Non-Audit Work Undertaken During the Period: The total of non-audit fees, audit fees and audit-related services fees paid to PwC during the period is set out in Note 2.5 of the consolidated financial statements. Of the non-audit services fees paid to PwC, most related to advice on the suitable location for a technology centre in Southern Europe and assurance work on the Group's carbon disclosures.

The Audit Committee received a report from management regarding the extent of non-audit services performed by PwC. PwC also provided a report to the Audit Committee on the specific safeguards put in place for each piece of non-audit work confirming that it was satisfied that neither the extent of the non-audit services provided nor the size of the fees (being 12.9% of the audit fees) charged had any impact on its independence as statutory auditors. The Audit Committee was satisfied this was the case and so the auditors' independence from the Group was not compromised.

Audit Fees: The Audit Committee was satisfied that the level of audit fees payable in respect of the audit services provided (excluding audit-related services) (being £287,000 (2014: £244,000)) was appropriate and that an effective audit could be conducted for such a fee. The existing authority for the Directors (including the Audit Committee) to determine the current remuneration of the external auditors is derived from the shareholder approval granted at the Company's annual general meeting in 2015. At the annual general meeting in 2015, 99.98% of votes cast by shareholders were in favour of granting the Directors this authority.

Recommendation to Re-appoint: Following its consideration, the Audit Committee recommended to the Board the re-appointment of PwC as external auditors. The Board has accepted this recommendation and a resolution for its re-appointment for a further year will be put to the shareholders at the AGM. At the annual general meeting in 2015, 99.56% of votes cast by shareholders were in favour of re-appointing PwC as external auditors.

Proposed Tender of External Audit

PwC has audited the Group's accounts since 2001 and the previous audit engagement partner rotated in 2012. A formal tender of the external audit contract has not been carried out since PwC was first engaged in 2001.

During the period the Audit Committee considered the timing of a formal tender of the external audit contract. Although the Group would not be required to execute a tender process or an auditor rotation for a considerable number of years under the new European and UK regulations, the Audit Committee recommended to the Board that a competitive tender process take place in 2016, with the outcome to be put to shareholders for approval at the 2017 annual general meeting. The Audit Committee believes this timing is in the best interests of the Company's shareholders as it would coincide with the timing of the rotation of PwC's audit engagement partner, due in 2017, under professional standards and because a tender has not been conducted since 2001. The Audit Committee plans to oversee this tender process and plans to agree a timetable and tender document in 2016, to be prepared in accordance with relevant requirements. Full details of the process will be set out in the 2016 Annual Report. There are no contractual obligations which restrict the Committee's choice of statutory auditor.

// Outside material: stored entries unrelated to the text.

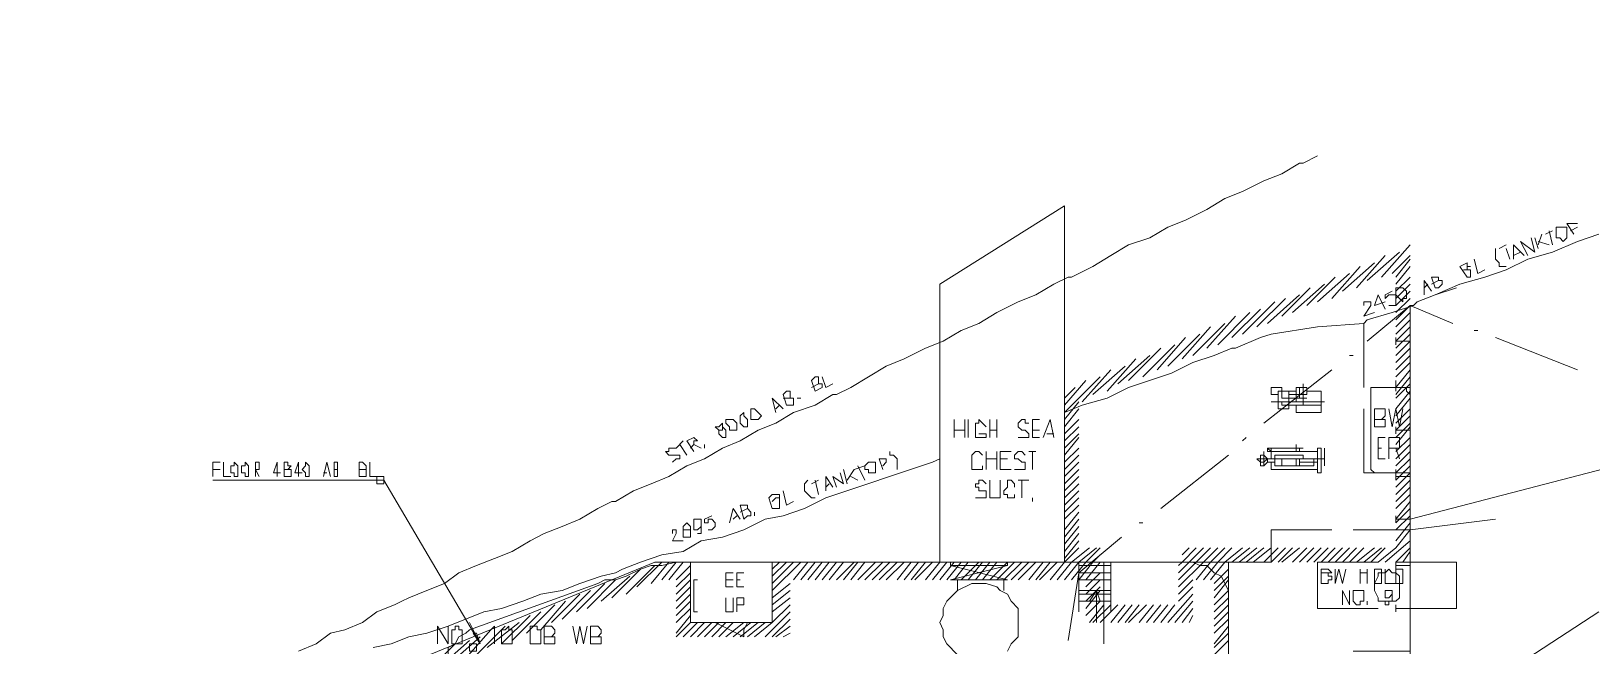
# Model space of a CAD drawing. Header units: millimetres. Extents: x -1005 to 294628, y -1154 to 182592.
# Drawn here: x 20002 to 50170, y 92467 to 104348 of the extents above; entities that cross this region are included whole.
import ezdxf

# ---------------------------------------------------------------- set-up
doc = ezdxf.new("R2010")
doc.units = ezdxf.units.MM
doc.layers.add('PDF_Geomertry', color=7, linetype='Continuous')

msp = doc.modelspace()

# ---------------------------------------------------------------- linework, layer by layer
at = {"layer": 'PDF_Geomertry', "lineweight": 5}
for points in [[(46657, 94912), (82954, 104348), (93974, 104348)], [(44866, 101937), (44591, 101800), (44522, 101800), (44177, 101593), (43833, 101455), (43420, 101249), (43075, 101111), (42731, 100904), (42318, 100698), (41973, 100560), (41629, 100353), (41216, 100216), (40871, 100009), (40527, 99802), (40114, 99596), (40045, 99596), (39769, 99458), (39425, 99251), (39081, 99114), (38667, 98907), (38323, 98700), (37979, 98563), (37634, 98356), (37290, 98218), (36877, 98012), (36532, 97874), (36188, 97667), (35844, 97461), (35568, 97323), (35499, 97323), (35155, 97116), (34741, 96978), (34397, 96772), (34053, 96634), (33708, 96427), (33364, 96290), (33020, 96083), (32675, 95945), (32331, 95739), (31987, 95601), (31642, 95463), (31298, 95257), (31229, 95257), (30953, 95119), (30609, 94912), (30265, 94774), (29920, 94637), (29645, 94499), (29300, 94292), (28956, 94155), (28612, 94017), (28267, 93879), (27992, 93672), (27647, 93535), (27303, 93397), (27165, 93328), (27028, 93259), (26683, 93121), (26408, 92915), (26063, 92777), (25788, 92708), (25512, 92502), (25168, 92364)], [(49274, 100422), (49412, 100491)], [(49343, 100491), (49412, 100216)], [(49825, 100422), (49687, 100629), (49825, 100629), (49894, 100629)], [(49894, 100560), (49756, 100491)], [(46106, 99596), (46657, 100216)], [(47483, 98700), (46657, 99045), (46726, 99045), (46795, 99114), (47139, 99251), (47621, 99458), (48103, 99596), (48517, 99733), (48930, 99940), (49412, 100078), (49894, 100284), (50307, 100422)], [(48379, 100147), (48517, 100216)], [(48654, 99940), (48654, 100216), (48861, 100009)], [(48930, 100009), (48792, 100284), (49068, 100078), (48999, 100353)], [(49068, 100353), (49136, 100147)], [(49205, 100422), (49136, 100216)], [(49136, 100284), (49343, 100216)], [(45348, 99320), (45968, 99871)], [(45624, 99389), (46175, 100009)], [(45830, 99527), (46450, 100078)], [(46313, 99665), (46657, 100009)], [(46381, 99596), (46657, 99940)], [(47759, 99733), (47828, 99733), (47828, 99596), (47759, 99596), (47621, 99802), (47759, 99871), (47759, 99802), (47828, 99802), (47759, 99802), (47759, 99733), (47690, 99733)], [(47897, 99940), (47966, 99665), (48103, 99733)], [(48310, 100147), (48310, 99940), (48379, 99871), (48379, 99802), (48517, 99802)], [(48517, 100147), (48585, 99940)], [(48654, 100009), (48792, 100078)], [(44660, 99045), (45211, 99596)], [(44866, 99114), (45486, 99665)], [(45142, 99182), (45693, 99802)], [(46381, 99458), (46657, 99802)], [(46381, 99320), (46657, 99596)], [(47208, 99527), (47277, 99527), (47277, 99458), (47208, 99389), (47139, 99389), (47070, 99596), (47208, 99596), (47208, 99527), (47070, 99458)], [(47552, 99389), (47139, 99251), (46795, 99114), (46726, 99045), (46313, 98907), (45830, 98769), (45762, 98700), (44866, 98631), (43971, 98494), (43764, 98425), (43282, 98218), (43213, 98218), (42869, 98080), (42456, 97943), (42042, 97736), (41216, 97461), (40803, 97254), (40320, 97116), (39976, 96978), (40665, 97667)], [(43902, 98700), (44522, 99251)], [(44177, 98838), (44728, 99389)], [(44384, 98907), (45004, 99458)], [(46175, 98976), (46037, 99251), (45968, 99045), (46175, 99114)], [(46313, 99320), (46175, 99251), (46175, 99182), (46244, 99251), (46381, 99251), (46381, 99045), (46244, 99045)], [(46381, 99182), (46657, 99458)], [(46381, 99045), (46657, 99320)], [(46932, 99251), (46932, 99527), (47070, 99320)], [(46932, 99389), (47001, 99458)], [(43213, 98425), (43764, 98976)], [(43420, 98494), (44040, 99114)], [(43695, 98631), (44246, 99182)], [(45762, 99045), (45762, 99114), (45899, 99114), (45899, 99045), (45762, 98838), (45968, 98907)], [(45830, 98356), (46657, 99045), (46657, 88025), (46657, 77005), (45830, 77693)], [(46381, 98907), (46657, 99182)], [(46381, 98769), (46657, 99045), (46657, 88025), (46657, 99045)], [(42456, 98080), (43075, 98700)], [(42731, 98218), (43282, 98838)], [(42938, 98287), (43558, 98907)], [(45762, 97461), (45762, 98700)], [(46381, 98631), (46657, 98907)], [(46381, 98494), (46657, 98769)], [(41767, 97805), (42318, 98425)], [(41973, 97874), (42593, 98494)], [(42249, 98012), (42800, 98631)], [(46381, 98356), (46657, 98631)], [(46381, 98218), (46657, 98494)], [(46381, 98080), (46657, 98356)], [(47966, 98563), (47897, 98563)], [(49894, 97805), (48310, 98425)], [(41009, 97529), (41629, 98080)], [(41216, 97598), (41836, 98218)], [(41491, 97667), (42111, 98287)], [(45555, 98080), (45486, 98080)], [(46381, 97943), (46657, 98218)], [(46381, 97805), (46657, 98080)], [(40320, 97185), (40871, 97805)], [(40527, 97323), (41147, 97874)], [(40803, 97392), (41354, 98012)], [(45142, 97805), (43833, 96772)], [(46381, 97667), (46657, 97943)], [(46381, 97461), (46657, 97805)], [(35224, 97529), (35293, 97529), (35293, 97461), (35155, 97392), (35086, 97598), (35155, 97667), (35224, 97667), (35224, 97529), (35086, 97461)], [(35293, 97667), (35361, 97461), (35499, 97529)], [(39976, 97116), (40389, 97598)], [(39976, 97254), (40183, 97461)], [(44453, 97461), (44660, 97461)], [(44522, 97323), (44522, 97461)], [(44591, 97461), (44591, 97323), (44591, 97461), (44591, 97323), (44591, 97461), (44591, 97323), (44591, 97461), (44591, 97323), (44591, 97529)], [(46381, 97323), (46657, 97667)], [(46381, 97254), (46657, 97529)], [(34397, 96978), (34328, 97254), (34535, 97047)], [(34673, 97254), (34741, 97254), (34741, 97116), (34604, 97116), (34535, 97323), (34604, 97392), (34673, 97392), (34673, 97254), (34535, 97254)], [(39976, 96841), (40252, 97185)], [(43971, 97185), (45004, 97185)], [(44453, 97392), (44315, 97392), (44315, 97116), (44453, 97116)], [(44935, 97116), (44935, 97392), (44660, 97392)], [(46381, 97047), (46657, 97392)], [(46381, 96910), (46657, 97254)], [(34397, 97047), (34466, 97116)], [(37841, 96841), (37841, 96496)], [(38048, 96841), (38048, 96496)], [(38116, 96841), (38116, 96496)], [(38461, 96703), (38323, 96841), (38323, 96772), (38254, 96772), (38254, 96496), (38461, 96496), (38461, 96565), (38323, 96565)], [(38530, 96841), (38530, 96496)], [(38667, 96841), (38667, 96496)], [(39287, 96772), (39218, 96772), (39218, 96841), (39150, 96841), (39081, 96772), (39081, 96703), (39150, 96634), (39218, 96634), (39287, 96565), (39287, 96496), (39081, 96496)], [(39494, 96496), (39356, 96496), (39356, 96841), (39494, 96841)], [(39563, 96496), (39701, 96841), (39769, 96496)], [(39976, 96703), (40252, 97047)], [(39976, 96565), (40252, 96841)], [(46381, 95532), (46657, 95808), (45762, 95808), (45762, 97047)], [(46106, 96841), (46175, 96841), (46175, 96703), (45968, 96703), (45968, 97047), (46175, 97047), (46175, 96910), (46106, 96841), (45968, 96841)], [(46244, 97047), (46313, 96703), (46381, 97047), (46450, 96703), (46519, 97047)], [(46381, 96772), (46657, 97047)], [(46381, 96634), (46657, 96910)], [(33364, 96703), (33364, 96772), (33295, 96703), (33226, 96703), (33295, 96634), (33295, 96565), (33364, 96496), (33433, 96496), (33433, 96634), (33364, 96703), (33364, 96634), (33295, 96634), (33295, 96565)], [(37841, 96634), (38048, 96634)], [(38530, 96634), (38667, 96634)], [(39356, 96634), (39494, 96634)], [(39632, 96565), (39769, 96565)], [(39976, 96427), (40252, 96703)], [(39976, 96290), (40252, 96565)], [(46381, 96496), (46657, 96772)], [(46381, 96359), (46657, 96703)], [(32606, 96427), (32469, 96290), (32331, 96290), (32331, 96221), (32262, 96221), (32331, 96152), (32538, 96152), (32538, 96083), (32469, 96083), (32400, 96014)], [(32538, 96359), (32675, 96152)], [(32813, 96221), (32675, 96427), (32813, 96496), (32882, 96427), (32813, 96427), (32813, 96359), (32744, 96290)], [(32813, 96359), (32951, 96290)], [(39976, 96152), (40252, 96496)], [(39976, 96014), (40252, 96290)], [(43489, 96496), (43420, 96427)], [(44453, 96359), (44453, 96221), (44453, 96290), (43971, 96290)], [(44522, 96290), (44522, 96221)], [(45004, 96290), (45004, 95945)], [(46175, 96083), (46037, 96083), (46037, 96496), (46175, 96496)], [(46037, 96290), (46106, 96290)], [(46244, 96083), (46244, 96496), (46450, 96496), (46450, 96290), (46244, 96290)], [(46381, 96221), (46657, 96496)], [(46381, 96083), (46657, 96359)], [(46381, 96290), (46450, 96083)], [(23515, 95739), (23515, 96014), (23653, 96014)], [(23722, 96014), (23722, 95739), (23859, 95739)], [(24341, 95739), (24341, 96014), (24410, 96014), (24410, 95876), (24341, 95876), (24410, 95739)], [(24755, 95739), (24755, 96014), (24686, 95808), (24823, 95808)], [(25168, 95739), (25168, 96014), (25099, 95808), (25237, 95808)], [(25650, 95739), (25719, 96014), (25788, 95739)], [(25925, 95876), (25925, 95739), (25857, 95739), (25857, 96014), (25925, 96014), (25925, 95876), (25857, 95876)], [(26408, 95876), (26477, 95876), (26477, 95739), (26339, 95739), (26339, 96014), (26408, 96014), (26477, 95945), (26477, 95876), (26339, 95876)], [(26545, 96014), (26545, 95739), (26683, 95739)], [(26614, 92433), (26959, 92502), (27303, 92639), (27647, 92708), (28061, 92846), (28749, 93121), (29094, 93190), (29507, 93328), (29851, 93466), (30265, 93535), (30609, 93672), (31022, 93810), (31298, 93879), (31435, 93948), (31780, 94086), (32193, 94223), (32606, 94292), (32951, 94499), (33364, 94568), (33777, 94706), (34191, 94912), (34535, 94981), (34948, 95119), (35361, 95325), (37428, 96014), (37565, 96083)], [(36119, 95945), (35912, 95876), (35775, 95670)], [(35981, 95945), (36119, 95670)], [(36463, 95876), (36395, 96083), (36532, 96083), (36532, 96014), (36463, 95945)], [(36601, 96221), (36601, 96152), (36670, 96152), (36739, 96083), (36739, 95876)], [(38392, 96152), (38323, 96221), (38254, 96221), (38185, 96152), (38185, 95876), (38392, 95876), (38392, 95945)], [(38461, 96221), (38461, 95876)], [(38461, 96083), (38667, 96083)], [(38667, 96221), (38667, 95876)], [(38943, 95876), (38736, 95876), (38736, 96221), (38943, 96221)], [(38736, 96083), (38874, 96083)], [(39218, 96152), (39150, 96221), (39081, 96221), (39012, 96152), (39012, 96083), (39081, 96083), (39150, 96014), (39218, 96014), (39218, 95876), (39012, 95876)], [(39287, 96221), (39425, 96221)], [(39356, 96221), (39356, 95876)], [(39976, 95876), (40252, 96152)], [(39976, 95739), (40252, 96014)], [(43144, 96152), (41836, 95119)], [(45004, 96083), (43695, 96083)], [(43833, 96221), (43833, 95945)], [(43902, 96083), (44040, 96083)], [(43902, 96014), (44040, 96014)], [(43971, 96083), (43971, 96221), (44866, 96221), (44866, 95876), (43971, 95876), (43971, 96014)], [(43971, 96221), (44453, 96221)], [(44591, 96083), (44591, 96152), (44040, 96152), (44040, 95945), (44591, 95945)], [(44797, 95945), (44522, 95945)], [(44797, 96083), (44797, 96014), (44866, 96014), (44797, 96014), (44866, 96014)], [(46381, 95945), (46657, 96221)], [(46381, 95808), (46657, 96083)], [(46381, 95670), (46657, 95945)], [(23515, 95876), (23653, 95876)], [(23515, 95670), (26821, 95670), (28680, 92502), (28474, 92915)], [(25650, 95808), (25719, 95808)], [(35017, 95670), (34948, 95601), (34948, 95463), (35086, 95325), (35155, 95325)], [(35086, 95601), (35224, 95670)], [(35155, 95670), (35224, 95394)], [(35361, 95463), (35361, 95739), (35499, 95532)], [(35568, 95532), (35499, 95739), (35706, 95601), (35637, 95808)], [(35706, 95876), (35775, 95601)], [(35844, 95739), (35981, 95670)], [(38461, 95601), (38392, 95670), (38323, 95670), (38323, 95601), (38254, 95601), (38254, 95532), (38323, 95532), (38323, 95463), (38461, 95463), (38461, 95325), (38254, 95325)], [(38530, 95670), (38530, 95325), (38736, 95325), (38736, 95670)], [(39012, 95532), (39012, 95601), (38943, 95670), (38874, 95670), (38874, 95532), (38805, 95463), (38805, 95394), (38874, 95394), (38874, 95325), (39012, 95325), (39012, 95394)], [(39081, 95670), (39287, 95670)], [(39150, 95670), (39150, 95325)], [(39976, 95601), (40252, 95876)], [(39976, 95463), (40252, 95739)], [(46381, 95394), (46657, 95670)], [(34397, 95325), (34466, 95325), (34466, 95119), (34328, 95119), (34259, 95325), (34328, 95394), (34466, 95394), (34466, 95325), (34397, 95325), (34328, 95257)], [(34535, 95463), (34604, 95188), (34741, 95257)], [(35361, 95532), (35430, 95601)], [(39976, 95325), (40252, 95601)], [(39976, 95188), (40252, 95463)], [(46381, 95257), (46657, 95532)], [(46381, 95119), (46657, 95394)], [(33502, 94843), (33571, 95119), (33708, 94912)], [(33846, 95119), (33915, 95050), (33915, 94981), (33846, 94981), (33777, 94912), (33708, 95188), (33846, 95188), (33846, 95119), (33708, 95050)], [(39976, 95050), (40252, 95325)], [(39976, 94912), (40252, 95188)], [(39976, 94706), (40252, 95050)], [(46381, 94912), (46657, 95257)], [(46381, 94843), (46657, 95119)], [(32951, 94843), (32951, 94774), (32882, 94706), (32813, 94706), (32813, 94912), (32951, 94912), (32951, 94637), (32882, 94637)], [(33157, 94981), (33020, 94912), (33020, 94843), (33088, 94843), (33088, 94912), (33157, 94912), (33226, 94843), (33226, 94774), (33157, 94706), (33088, 94706)], [(33571, 94912), (33640, 94981)], [(39976, 94568), (40252, 94912)], [(39976, 94430), (40252, 94774)], [(41491, 94843), (41422, 94843)], [(48310, 94912), (46657, 94706), (45555, 94706)], [(46381, 94706), (46657, 94981)], [(46381, 94499), (46657, 94843)], [(32400, 94637), (32400, 94706), (32469, 94706), (32469, 94637), (32400, 94499), (32606, 94499)], [(39976, 94292), (40252, 94637)], [(39976, 94155), (40252, 94499)], [(41078, 94568), (40252, 93879), (40045, 92570)], [(42593, 94086), (43971, 94086), (43971, 94706), (45142, 94706)], [(46657, 94706), (46381, 94361), (46037, 94086), (44866, 94086), (44866, 93190), (46037, 93190)], [(46175, 94086), (46657, 94499)], [(39701, 93741), (39976, 94086), (40252, 94361)], [(39838, 93741), (40114, 94086), (40458, 94361)], [(40114, 93741), (40389, 94086), (40665, 94361)], [(40596, 94361), (40252, 94086), (40252, 93121)], [(40871, 93741), (40252, 93741), (40527, 94086), (40665, 94223)], [(42180, 94017), (42249, 94086), (42524, 94361)], [(42180, 93879), (42387, 94086), (42662, 94361)], [(42180, 93741), (42524, 94086), (42800, 94361)], [(42180, 93604), (42662, 94086), (42938, 94361)], [(42249, 94223), (42387, 94361)], [(42524, 93741), (42800, 94086), (43075, 94361)], [(42662, 93741), (42938, 94086), (43213, 94361)], [(42800, 93741), (43075, 94086), (43420, 94361)], [(43213, 94086), (43558, 94361)], [(43351, 94086), (43695, 94361)], [(43489, 94086), (43833, 94361)], [(43626, 94086), (43971, 94361)], [(43833, 94086), (44109, 94361)], [(43971, 94086), (44246, 94361)], [(44109, 94086), (44384, 94361)], [(44177, 94086), (44522, 94361)], [(44384, 94086), (44660, 94361)], [(44522, 94086), (44797, 94361)], [(44660, 94086), (44935, 94361)], [(44797, 94086), (45073, 94361)], [(44935, 94086), (45211, 94361)], [(45073, 94086), (45348, 94361)], [(45211, 94086), (45486, 94361)], [(45348, 94086), (45624, 94361)], [(45486, 94086), (45762, 94361)], [(45624, 94086), (45968, 94361)], [(45762, 94086), (46106, 94361)], [(45899, 94086), (46175, 94361)], [(46381, 94086), (46657, 94361)], [(46519, 94086), (46657, 94292)], [(28061, 92295), (28061, 92433), (28198, 92502), (28267, 92639), (28405, 92708), (28474, 92777), (30953, 93672), (31091, 93741), (31298, 93741), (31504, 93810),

Review of External Auditor Appointment Policy: In conjunction with the external audit tender review, the Audit Committee reviewed the Group's policy on auditor appointment and independence. It agreed to changes to the policy to address the new legislative requirements, including restrictions on the provision of non-audit services by the external auditors (noted above) and mandated Audit Committee duties for auditor reappointment. The Audit Committee expects to keep this policy under review, in light of ongoing consultations by the Competition and Markets Authority and the Financial Reporting Council in this area.